#### What you are asked to do
Stop at the line containing "Rectangle(SKETCH3_W, SKETCH3_H)": repeat exactly every line of the entries below from the first up to it, plus that line, with pictures omitted.
___ Data for the task
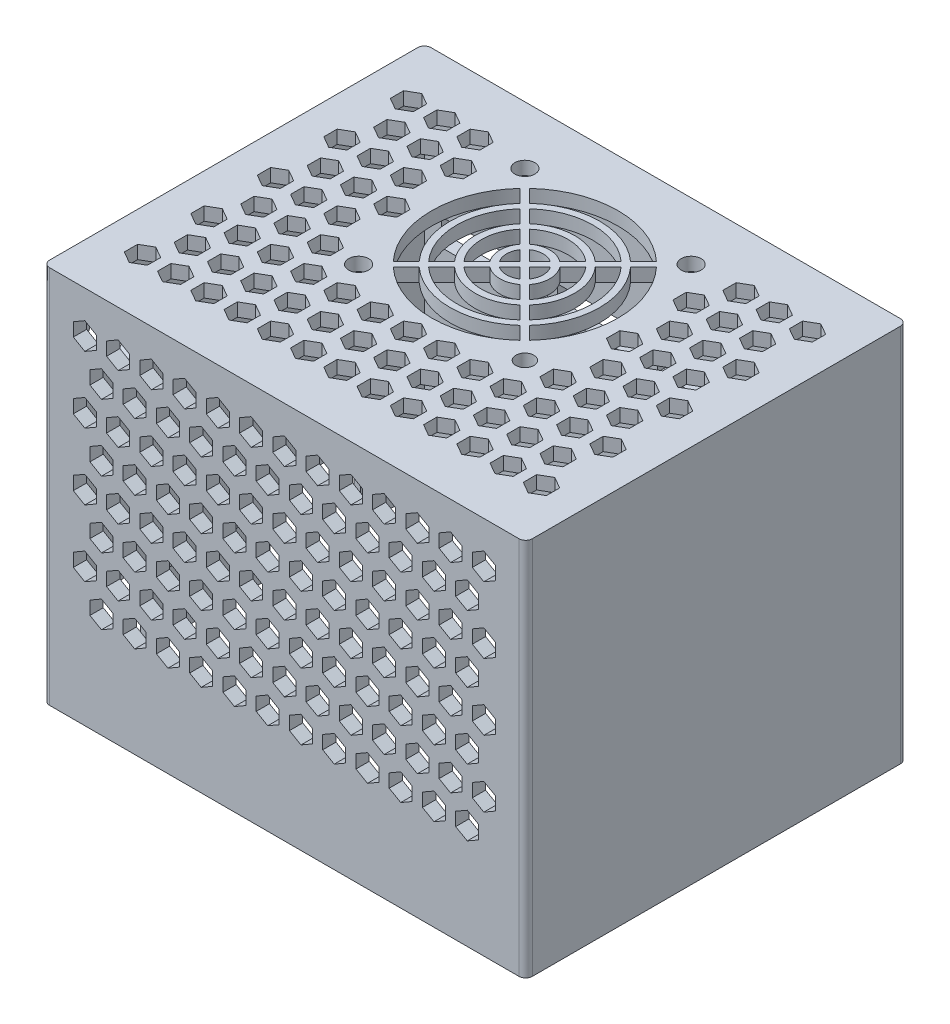
from build123d import *

# Parameters (mm, degrees)
SKETCH1_W            = 72.58
SKETCH1_H            = 57.34
SKETCH1_W_2          = 68.58
SKETCH1_H_2          = 53.34
BOSS_EXTRUDE1_DEPTH  = 55
SKETCH2_W            = 72.58
SKETCH2_H            = 57.34
BOSS_EXTRUDE2_DEPTH  = 2
SKETCH3_W            = 70.58
SKETCH3_H            = 55.34
SKETCH3_W_2          = 68.58
SKETCH3_H_2          = 53.34
CUT_EXTRUDE1_DEPTH   = 10
SKETCH5_W            = 13.6
SKETCH5_H            = 13.6
SKETCH5_W_2          = 11
SKETCH5_H_2          = 13
CUT_EXTRUDE2_DEPTH   = 74.402540828
CUT_EXTRUDE3_DEPTH   = 74.402540828
CUT_EXTRUDE4_DEPTH   = 74.402540828
SKETCH10_R           = 1.5
SKETCH10_R_2         = 1.35
CUT_EXTRUDE5_DEPTH   = 74.402540828
LPATTERN2_COUNT      = 13
LPATTERN2_PITCH      = 5
LPATTERN2_COUNT_DIR2 = 5
LPATTERN2_PITCH_DIR2 = 10
LPATTERN3_COUNT      = 12
LPATTERN3_PITCH      = 5
LPATTERN3_COUNT_DIR2 = 4
LPATTERN3_PITCH_DIR2 = 10
FILLET2_R            = 1
SKETCH14_R           = 5
CUT_EXTRUDE7_DEPTH   = 3
CUT_EXTRUDE8_START   = -2
CUT_EXTRUDE8_DEPTH   = 87.621891765
LPATTERN4_COUNT      = 13
LPATTERN4_PITCH      = 5
LPATTERN4_COUNT_DIR2 = 4
LPATTERN4_PITCH_DIR2 = 10
CUT_EXTRUDE9_START   = -2
CUT_EXTRUDE9_DEPTH   = 87.621891765
LPATTERN5_COUNT      = 12
LPATTERN5_PITCH      = 5
LPATTERN5_COUNT_DIR2 = 4
LPATTERN5_PITCH_DIR2 = 10
SKETCH16_W           = 15.964101616
SKETCH16_H           = 4
SKETCH16_W_2         = 13.464101616
CUT_EXTRUDE10_DEPTH  = 3


with BuildPart() as part:
    # Sketch1 → Boss-Extrude1 (new body)
    with BuildSketch(Plane(origin=(0, 0, 0), x_dir=(1, 0, 0), z_dir=(0, 1, 0))):
        Rectangle(SKETCH1_W, SKETCH1_H)
        Rectangle(SKETCH1_W_2, SKETCH1_H_2, mode=Mode.SUBTRACT)
    extrude(amount=BOSS_EXTRUDE1_DEPTH)

    # Sketch2 → Boss-Extrude2 (add)
    with BuildSketch(Plane(origin=(0, 55, 0), x_dir=(1, 0, 0), z_dir=(0, 1, 0))):
        Rectangle(SKETCH2_W, SKETCH2_H)
    extrude(amount=BOSS_EXTRUDE2_DEPTH)

    # Sketch3 → Cut-Extrude1 (cut)
    with BuildSketch(Plane.XZ):
        Rectangle(SKETCH3_W, SKETCH3_H)
        Rectangle(SKETCH3_W_2, SKETCH3_H_2, mode=Mode.SUBTRACT)
    extrude(amount=-CUT_EXTRUDE1_DEPTH, mode=Mode.SUBTRACT)

    # Sketch5 → Cut-Extrude2 (cut, through all)
    with BuildSketch(Plane(origin=(0, 0, 0), x_dir=(0, 0, -1), z_dir=(1, 0, 0))):
        with Locations((11.29, 5.18)):
            Rectangle(SKETCH5_W, SKETCH5_H)
        with Locations((-19.52, 5.5)):
            Rectangle(SKETCH5_W_2, SKETCH5_H_2)
    extrude(amount=-CUT_EXTRUDE2_DEPTH, mode=Mode.SUBTRACT)

    # Sketch8 → Cut-Extrude3 (cut, through all)
    with BuildSketch(Plane(origin=(0, 57, 0), x_dir=(1, 0, 0), z_dir=(0, 1, 0))):
        Polygon((-28.267949192, 21), (-30, 22), (-31.732050808, 21), (-31.732050808, 19), (-30, 18), (-28.267949192, 19), align=None)
    cut_extrude3 = extrude(amount=-CUT_EXTRUDE3_DEPTH, mode=Mode.SUBTRACT)

    # Sketch9 → Cut-Extrude4 (cut, through all)
    with BuildSketch(Plane(origin=(0, 57, 0), x_dir=(1, 0, 0), z_dir=(0, 1, 0))):
        Polygon((-25.767949192, 14), (-25.767949192, 16), (-27.5, 17), (-29.232050808, 16), (-29.232050808, 14), (-27.5, 13), align=None)
    cut_extrude4 = extrude(amount=-CUT_EXTRUDE4_DEPTH, mode=Mode.SUBTRACT)

    # Sketch10 → Cut-Extrude5 (cut, through all)
    with BuildSketch(Plane(origin=(0, 57, 0), x_dir=(1, 0, 0), z_dir=(0, 1, 0))):
        with Locations(Location((-12.5, 20, 0), (0, 0, 270))):
            Circle(SKETCH10_R)
        with Locations(Location((12.5, 20, 0), (0, 0, 270))):
            Circle(SKETCH10_R)
        with Locations(Location((12.5, -5, 0), (0, 0, 270))):
            Circle(SKETCH10_R_2)
        with Locations(Location((-12.5, -5, 0), (0, 0, 270))):
            Circle(SKETCH10_R)
        with BuildLine():
            Line((-8.300644053, 15.093537272), (-10.246732859, 17.039626078))
            ThreePointArc((-10.246732859, 17.039626078), (-14, 7.5), (-10.246732859, -2.039626078))
            Line((-10.246732859, -2.039626078), (-8.300644053, -0.093537272))
            ThreePointArc((-8.300644053, -0.093537272), (-11.25, 7.5), (-8.300644053, 15.093537272))
        make_face()
        with BuildLine():
            Line((-7.592769508, 14.385662727), (-5.645056013, 12.437949232))
            ThreePointArc((-5.645056013, 12.437949232), (-7.5, 7.5), (-5.645056013, 2.562050768))
            Line((-5.645056013, 2.562050768), (-7.592769508, 0.614337273))
            ThreePointArc((-7.592769508, 0.614337273), (-10.25, 7.5), (-7.592769508, 14.385662727))
        make_face()
        with BuildLine():
            Line((-4.936129086, 11.729022304), (-2.981527896, 9.774421115))
            ThreePointArc((-2.981527896, 9.774421115), (-3.75, 7.5), (-2.981527896, 5.225578885))
            Line((-2.981527896, 5.225578885), (-4.936129086, 3.270977696))
            ThreePointArc((-4.936129086, 3.270977696), (-6.5, 7.5), (-4.936129086, 11.729022304))
        make_face()
        with BuildLine():
            Line((2.274421115, 10.481527896), (4.229022304, 12.436129086))
            ThreePointArc((4.229022304, 12.436129086), (0, 14), (-4.229022304, 12.436129086))
            Line((-4.229022304, 12.436129086), (-2.274421115, 10.481527896))
            ThreePointArc((-2.274421115, 10.481527896), (0, 11.25), (2.274421115, 10.481527896))
        make_face()
        with BuildLine():
            Line((4.937949232, 13.145056013), (6.885662727, 15.092769508))
            ThreePointArc((6.885662727, 15.092769508), (0, 17.75), (-6.885662727, 15.092769508))
            Line((-6.885662727, 15.092769508), (-4.937949232, 13.145056013))
            ThreePointArc((-4.937949232, 13.145056013), (0, 15), (4.937949232, 13.145056013))
        make_face()
        with BuildLine():
            ThreePointArc((9.539626078, 17.746732859), (0, 21.5), (-9.539626078, 17.746732859))
            Line((-9.539626078, 17.746732859), (-7.593537272, 15.800644053))
            ThreePointArc((-7.593537272, 15.800644053), (0, 18.75), (7.593537272, 15.800644053))
            Line((7.593537272, 15.800644053), (9.539626078, 17.746732859))
        make_face()
        with BuildLine():
            ThreePointArc((5.645056013, 2.562050768), (7.5, 7.5), (5.645056013, 12.437949232))
            Line((5.645056013, 12.437949232), (7.592769508, 14.385662727))
            ThreePointArc((7.592769508, 14.385662727), (10.25, 7.5), (7.592769508, 0.614337273))
            Line((7.592769508, 0.614337273), (5.645056013, 2.562050768))
        make_face()
        with BuildLine():
            Line((2.981527896, 5.225578885), (4.936129086, 3.270977696))
            ThreePointArc((4.936129086, 3.270977696), (6.5, 7.5), (4.936129086, 11.729022304))
            Line((4.936129086, 11.729022304), (2.981527896, 9.774421115))
            ThreePointArc((2.981527896, 9.774421115), (3.75, 7.5), (2.981527896, 5.225578885))
        make_face()
        with BuildLine():
            ThreePointArc((10.246732859, -2.039626078), (14, 7.5), (10.246732859, 17.039626078))
            Line((10.246732859, 17.039626078), (8.300644053, 15.093537272))
            ThreePointArc((8.300644053, 15.093537272), (11.25, 7.5), (8.300644053, -0.093537272))
            Line((8.300644053, -0.093537272), (10.246732859, -2.039626078))
        make_face()
        with BuildLine():
            Line((-7.593537272, -0.800644053), (-9.539626078, -2.746732859))
            ThreePointArc((-9.539626078, -2.746732859), (0, -6.5), (9.539626078, -2.746732859))
            Line((9.539626078, -2.746732859), (7.593537272, -0.800644053))
            ThreePointArc((7.593537272, -0.800644053), (0, -3.75), (-7.593537272, -0.800644053))
        make_face()
        with BuildLine():
            ThreePointArc((-4.937949232, 1.854943987), (0, 0), (4.937949232, 1.854943987))
            Line((4.937949232, 1.854943987), (6.885662727, -0.092769508))
            ThreePointArc((6.885662727, -0.092769508), (0, -2.75), (-6.885662727, -0.092769508))
            Line((-6.885662727, -0.092769508), (-4.937949232, 1.854943987))
        make_face()
        with BuildLine():
            ThreePointArc((-2.274421115, 4.518472104), (0, 3.75), (2.274421115, 4.518472104))
            Line((2.274421115, 4.518472104), (4.229022304, 2.563870914))
            ThreePointArc((4.229022304, 2.563870914), (0, 1), (-4.229022304, 2.563870914))
            Line((-4.229022304, 2.563870914), (-2.274421115, 4.518472104))
        make_face()
        with BuildLine():
            Line((-1.558578927, 5.234314292), (0, 6.792893219))
            Line((0, 6.792893219), (1.558578927, 5.234314292))
            ThreePointArc((1.558578927, 5.234314292), (0, 4.75), (-1.558578927, 5.234314292))
        make_face()
        with BuildLine():
            Line((0.707106781, 7.5), (2.265685708, 5.941421073))
            ThreePointArc((2.265685708, 5.941421073), (2.75, 7.5), (2.265685708, 9.058578927))
            Line((2.265685708, 9.058578927), (0.707106781, 7.5))
        make_face()
        with BuildLine():
            Line((0, 8.207106781), (1.558578927, 9.765685708))
            ThreePointArc((1.558578927, 9.765685708), (0, 10.25), (-1.558578927, 9.765685708))
            Line((-1.558578927, 9.765685708), (0, 8.207106781))
        make_face()
        with BuildLine():
            Line((-2.265685708, 9.058578927), (-0.707106781, 7.5))
            Line((-0.707106781, 7.5), (-2.265685708, 5.941421073))
            ThreePointArc((-2.265685708, 5.941421073), (-2.75, 7.5), (-2.265685708, 9.058578927))
        make_face()
    extrude(amount=-CUT_EXTRUDE5_DEPTH, mode=Mode.SUBTRACT)

    # LPattern2: Cut-Extrude3 13 × 5, 21 skipped
    with Locations(*[(i * LPATTERN2_PITCH, 0, j * LPATTERN2_PITCH_DIR2) for i in range(LPATTERN2_COUNT) for j in range(LPATTERN2_COUNT_DIR2) if (i, j) not in ((0, 0), (3, 0), (3, 1), (3, 2), (4, 0), (4, 1), (4, 2), (5, 0), (5, 1), (5, 2), (6, 0), (6, 1), (6, 2), (7, 0), (7, 1), (7, 2), (8, 0), (8, 1), (8, 2), (9, 0), (9, 1), (9, 2))]):
        add(cut_extrude3, mode=Mode.SUBTRACT)

    # LPattern3: Cut-Extrude4 12 × 4, 18 skipped
    with Locations(*[(i * LPATTERN3_PITCH, 0, j * LPATTERN3_PITCH_DIR2) for i in range(LPATTERN3_COUNT) for j in range(LPATTERN3_COUNT_DIR2) if (i, j) not in ((0, 0), (3, 0), (3, 1), (3, 2), (4, 0), (4, 1), (4, 2), (5, 0), (5, 1), (5, 2), (6, 0), (6, 1), (6, 2), (7, 0), (7, 1), (7, 2), (8, 0), (8, 1), (8, 2))]):
        add(cut_extrude4, mode=Mode.SUBTRACT)

    # Fillet2
    fillet2_edges = [part.edges().sort_by_distance(p)[0] for p in [
        (36.29, 28.5, 28.67),
        (-36.29, 28.5, 28.67),
        (-36.29, 28.5, -28.67),
        (36.29, 28.5, -28.67),
    ]]
    fillet(fillet2_edges, radius=FILLET2_R)

    # Sketch14 → Cut-Extrude7 (cut)
    with BuildSketch(Plane.ZY.offset(36.29)):
        with Locations((19.145, 45)):
            Circle(SKETCH14_R)
    extrude(amount=-CUT_EXTRUDE7_DEPTH, mode=Mode.SUBTRACT)

    # Sketch15 → Cut-Extrude8 (cut, through all)
    with BuildSketch(Plane(origin=(0, 0, -28.67), x_dir=(-1, 0, 0), z_dir=(0, 0, -1)).offset(CUT_EXTRUDE8_START)):
        Polygon((-31.732050808, 49.75), (-30, 48.75), (-28.267949192, 49.75), (-28.267949192, 51.75), (-30, 52.75), (-31.732050808, 51.75), align=None)
    cut_extrude8 = extrude(amount=-CUT_EXTRUDE8_DEPTH, mode=Mode.SUBTRACT)

    # LPattern4: Cut-Extrude8 13 × 4
    with Locations(*[(-i * LPATTERN4_PITCH, -j * LPATTERN4_PITCH_DIR2, 0) for i in range(LPATTERN4_COUNT) for j in range(LPATTERN4_COUNT_DIR2) if (i, j) != (0, 0)]):
        add(cut_extrude8, mode=Mode.SUBTRACT)

    # Sketch15<3> → Cut-Extrude9 (cut, through all)
    with BuildSketch(Plane(origin=(0, 0, -28.67), x_dir=(-1, 0, 0), z_dir=(0, 0, -1)).offset(CUT_EXTRUDE9_START)):
        Polygon((-29.232050808, 44.75), (-27.5, 43.75), (-25.767949192, 44.75), (-25.767949192, 46.75), (-27.5, 47.75), (-29.232050808, 46.75), align=None)
    cut_extrude9 = extrude(amount=-CUT_EXTRUDE9_DEPTH, mode=Mode.SUBTRACT)

    # LPattern5: Cut-Extrude9 12 × 4
    with Locations(*[(-i * LPATTERN5_PITCH, -j * LPATTERN5_PITCH_DIR2, 0) for i in range(LPATTERN5_COUNT) for j in range(LPATTERN5_COUNT_DIR2) if (i, j) != (0, 0)]):
        add(cut_extrude9, mode=Mode.SUBTRACT)

    # Sketch16 → Cut-Extrude10 (cut)
    with BuildSketch(Plane(origin=(0, 0, -28.67), x_dir=(-1, 0, 0), z_dir=(0, 0, -1))):
        with Locations((-23.75, 35.75)):
            Rectangle(SKETCH16_W, SKETCH16_H)
        with Locations((-7.5, 35.75)):
            Rectangle(SKETCH16_W_2, SKETCH16_H)
        with Locations((23.75, 35.75)):
            Rectangle(SKETCH16_W, SKETCH16_H)
        with Locations((7.5, 35.75)):
            Rectangle(SKETCH16_W_2, SKETCH16_H)
    extrude(amount=-CUT_EXTRUDE10_DEPTH, mode=Mode.SUBTRACT)


solid = part.part
______
#### Solution to this task
from build123d import *

# Parameters (mm, degrees)
SKETCH1_W            = 72.58
SKETCH1_H            = 57.34
SKETCH1_W_2          = 68.58
SKETCH1_H_2          = 53.34
BOSS_EXTRUDE1_DEPTH  = 55
SKETCH2_W            = 72.58
SKETCH2_H            = 57.34
BOSS_EXTRUDE2_DEPTH  = 2
SKETCH3_W            = 70.58
SKETCH3_H            = 55.34
SKETCH3_W_2          = 68.58
SKETCH3_H_2          = 53.34
CUT_EXTRUDE1_DEPTH   = 10
SKETCH5_W            = 13.6
SKETCH5_H            = 13.6
SKETCH5_W_2          = 11
SKETCH5_H_2          = 13
CUT_EXTRUDE2_DEPTH   = 74.402540828
CUT_EXTRUDE3_DEPTH   = 74.402540828
CUT_EXTRUDE4_DEPTH   = 74.402540828
SKETCH10_R           = 1.5
SKETCH10_R_2         = 1.35
CUT_EXTRUDE5_DEPTH   = 74.402540828
LPATTERN2_COUNT      = 13
LPATTERN2_PITCH      = 5
LPATTERN2_COUNT_DIR2 = 5
LPATTERN2_PITCH_DIR2 = 10
LPATTERN3_COUNT      = 12
LPATTERN3_PITCH      = 5
LPATTERN3_COUNT_DIR2 = 4
LPATTERN3_PITCH_DIR2 = 10
FILLET2_R            = 1
SKETCH14_R           = 5
CUT_EXTRUDE7_DEPTH   = 3
CUT_EXTRUDE8_START   = -2
CUT_EXTRUDE8_DEPTH   = 87.621891765
LPATTERN4_COUNT      = 13
LPATTERN4_PITCH      = 5
LPATTERN4_COUNT_DIR2 = 4
LPATTERN4_PITCH_DIR2 = 10
CUT_EXTRUDE9_START   = -2
CUT_EXTRUDE9_DEPTH   = 87.621891765
LPATTERN5_COUNT      = 12
LPATTERN5_PITCH      = 5
LPATTERN5_COUNT_DIR2 = 4
LPATTERN5_PITCH_DIR2 = 10
SKETCH16_W           = 15.964101616
SKETCH16_H           = 4
SKETCH16_W_2         = 13.464101616
CUT_EXTRUDE10_DEPTH  = 3


with BuildPart() as part:
    # Sketch1 → Boss-Extrude1 (new body)
    with BuildSketch(Plane(origin=(0, 0, 0), x_dir=(1, 0, 0), z_dir=(0, 1, 0))):
        Rectangle(SKETCH1_W, SKETCH1_H)
        Rectangle(SKETCH1_W_2, SKETCH1_H_2, mode=Mode.SUBTRACT)
    extrude(amount=BOSS_EXTRUDE1_DEPTH)

    # Sketch2 → Boss-Extrude2 (add)
    with BuildSketch(Plane(origin=(0, 55, 0), x_dir=(1, 0, 0), z_dir=(0, 1, 0))):
        Rectangle(SKETCH2_W, SKETCH2_H)
    extrude(amount=BOSS_EXTRUDE2_DEPTH)

    # Sketch3 → Cut-Extrude1 (cut)
    with BuildSketch(Plane.XZ):
        Rectangle(SKETCH3_W, SKETCH3_H)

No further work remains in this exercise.